_TASK REQUIREMENTS_
Below are records with pictures in them; print them exactly, omitting the pictures.

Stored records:
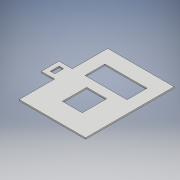
# Autodesk Inventor part: depan
Saved by Autodesk Inventor 2017 (Build 210142000, 142)
## iProperties
Created: 2017-01-06
Part Number: depan
Material: Generic
Document SubType Name: Modeling
Designer: Ghesa Bhakti
Density: 1 g/cm^3
Appearance: Default
Author: Ghesa Bhakti
Autodesk Inventor part; units mm, degrees
ref_plane "YZ Plane" through (0, 0, 0) normal (1, 0, 0) x (0, 1, 0)
ref_plane "XZ Plane" through (0, 0, 0) normal (0, 1, 0) x (-1, 0, 0)
ref_plane "XY Plane" through (0, 0, 0) normal (0, 0, 1) x (1, 0, 0)
sketch "Sketch1" plane through (0, 0, 0) normal (0, 0, 1) x (1, 0, 0)
  line L0 (27.5, 166.3577) -> (122.5, 166.3577)
  line L1 (122.5, 166.3577) -> (122.5, 121.3577)
  line L2 (122.5, 121.3577) -> (27.5, 121.3577)
  line L3 (27.5, 121.3577) -> (27.5, 166.3577)
  line L4 (52.5, 100.1) -> (97.5, 100.1)
  line L5 (97.5, 100.1) -> (97.5, 45.1)
  line L6 (97.5, 45.1) -> (52.5, 45.1)
  line L7 (52.5, 45.1) -> (52.5, 100.1)
  line L8 (0, 0) -> (150, 0)
  line L9 (0, 200) -> (150, 200)
  line L10 (0, 153.4) -> (0, 120)
  line L11 (0, 80) -> (0, 0)
  line L12 (0, 153.4) -> (0, 200)
  line L13 (0, 120) -> (-30, 120)
  line L14 (-30, 120) -> (-30, 80)
  line L15 (-30, 80) -> (0, 80)
  line L16 (-20, 110) -> (-10, 110)
  line L17 (-10, 110) -> (-10, 90)
  line L18 (-10, 90) -> (-20, 90)
  line L19 (-20, 90) -> (-20, 110)
  line L20 (150, 200) -> (150, 0)
  dimension "d0" = 150
  dimension "d49" = 200
  dimension "d50" = 40
  dimension "d51" = 80
  dimension "d52" = 10
  dimension "d53" = 95
  dimension "d54" = 45
  dimension "d55" = 45
  dimension "d56" = 55
  constraints: 42 end point, 8 perpendicular, 7 parallel, 5 horizontal, 1 vertical
  measures "d0" distance of L9.end L9.start
  measures "d49" distance of L9.end L8.end
  measures "d50" distance of L13.end L14.end
  measures "d51" distance of L11.start L8.start
  measures "d52" distance between parallel lines of L15 L18
  measures "d53" distance of L0.start L0.end
  measures "d54" distance of L0.end L1.end
  measures "d55" distance of L4.start L4.end
  measures "d56" distance of L4.end L5.end
extrude "Extrusion1" add sketch "Sketch1" along normal blind 3 contours L11 L15 L14 L13 L10 L12 L9 L20 L8 | L16 L17 L18 L19
sketch "Sketch2" plane through (0, 0, 3) normal (0, 0, 1) x (1, 0, 0)
  line L0 (-30, 80.2736) -> (0, 80.2736)
  line L1 (-20, 110.2736) -> (-10, 110.2736)
  line L2 (-10, 110.2736) -> (-10, 90.2736)
  line L3 (-10, 90.2736) -> (-20, 90.2736)
  line L4 (-20, 90.2736) -> (-20, 110.2736)
  line L5 (0, 117.7458) -> (0, 120.2736)
  point P0 (0, 0)
  constraints: 12 end point, 2 parallel, 1 horizontal, 1 perpendicular
extrude "Extrusion2" cut sketch "Sketch2" against normal blind 3
body "Solid1"

_RESULT OF THIS TASK_
# Autodesk Inventor part: depan
Saved by Autodesk Inventor 2017 (Build 210142000, 142)
## iProperties
Created: 2017-01-06
Part Number: depan
Material: Generic
Document SubType Name: Modeling
Designer: Ghesa Bhakti
Density: 1 g/cm^3
Appearance: Default
Author: Ghesa Bhakti
Autodesk Inventor part; units mm, degrees
ref_plane "YZ Plane" through (0, 0, 0) normal (1, 0, 0) x (0, 1, 0)
ref_plane "XZ Plane" through (0, 0, 0) normal (0, 1, 0) x (-1, 0, 0)
ref_plane "XY Plane" through (0, 0, 0) normal (0, 0, 1) x (1, 0, 0)
sketch "Sketch1" plane through (0, 0, 0) normal (0, 0, 1) x (1, 0, 0)
  line L0 (27.5, 166.3577) -> (122.5, 166.3577)
  line L1 (122.5, 166.3577) -> (122.5, 121.3577)
  line L2 (122.5, 121.3577) -> (27.5, 121.3577)
  line L3 (27.5, 121.3577) -> (27.5, 166.3577)
  line L4 (52.5, 100.1) -> (97.5, 100.1)
  line L5 (97.5, 100.1) -> (97.5, 45.1)
  line L6 (97.5, 45.1) -> (52.5, 45.1)
  line L7 (52.5, 45.1) -> (52.5, 100.1)
  line L8 (0, 0) -> (150, 0)
  line L9 (0, 200) -> (150, 200)
  line L10 (0, 153.4) -> (0, 120)
  line L11 (0, 80) -> (0, 0)
  line L12 (0, 153.4) -> (0, 200)
  line L13 (0, 120) -> (-30, 120)
  line L14 (-30, 120) -> (-30, 80)
  line L15 (-30, 80) -> (0, 80)
  line L16 (-20, 110) -> (-10, 110)
  line L17 (-10, 110) -> (-10, 90)
  line L18 (-10, 90) -> (-20, 90)
  line L19 (-20, 90) -> (-20, 110)
  line L20 (150, 200) -> (150, 0)
  dimension "d0" = 150
  dimension "d49" = 200
  dimension "d50" = 40
  dimension "d51" = 80
  dimension "d52" = 10
  dimension "d53" = 95
  dimension "d54" = 45
  dimension "d55" = 45
  dimension "d56" = 55
  constraints: 42 end point, 8 perpendicular, 7 parallel, 5 horizontal, 1 vertical
  measures "d0" distance of L9.end L9.start
  measures "d49" distance of L9.end L8.end
  measures "d50" distance of L13.end L14.end
  measures "d51" distance of L11.start L8.start
  measures "d52" distance between parallel lines of L15 L18
  measures "d53" distance of L0.start L0.end
  measures "d54" distance of L0.end L1.end
  measures "d55" distance of L4.start L4.end
  measures "d56" distance of L4.end L5.end
extrude "Extrusion1" add sketch "Sketch1" along normal blind 3 contours L11 L15 L14 L13 L10 L12 L9 L20 L8 | L16 L17 L18 L19
sketch "Sketch2" plane through (0, 0, 3) normal (0, 0, 1) x (1, 0, 0)
  line L0 (-30, 80.2736) -> (0, 80.2736)
  line L1 (-20, 110.2736) -> (-10, 110.2736)
  line L2 (-10, 110.2736) -> (-10, 90.2736)
  line L3 (-10, 90.2736) -> (-20, 90.2736)
  line L4 (-20, 90.2736) -> (-20, 110.2736)
  line L5 (0, 117.7458) -> (0, 120.2736)
  point P0 (0, 0)
  constraints: 12 end point, 2 parallel, 1 horizontal, 1 perpendicular
extrude "Extrusion2" cut sketch "Sketch2" against normal blind 3
body "Solid1"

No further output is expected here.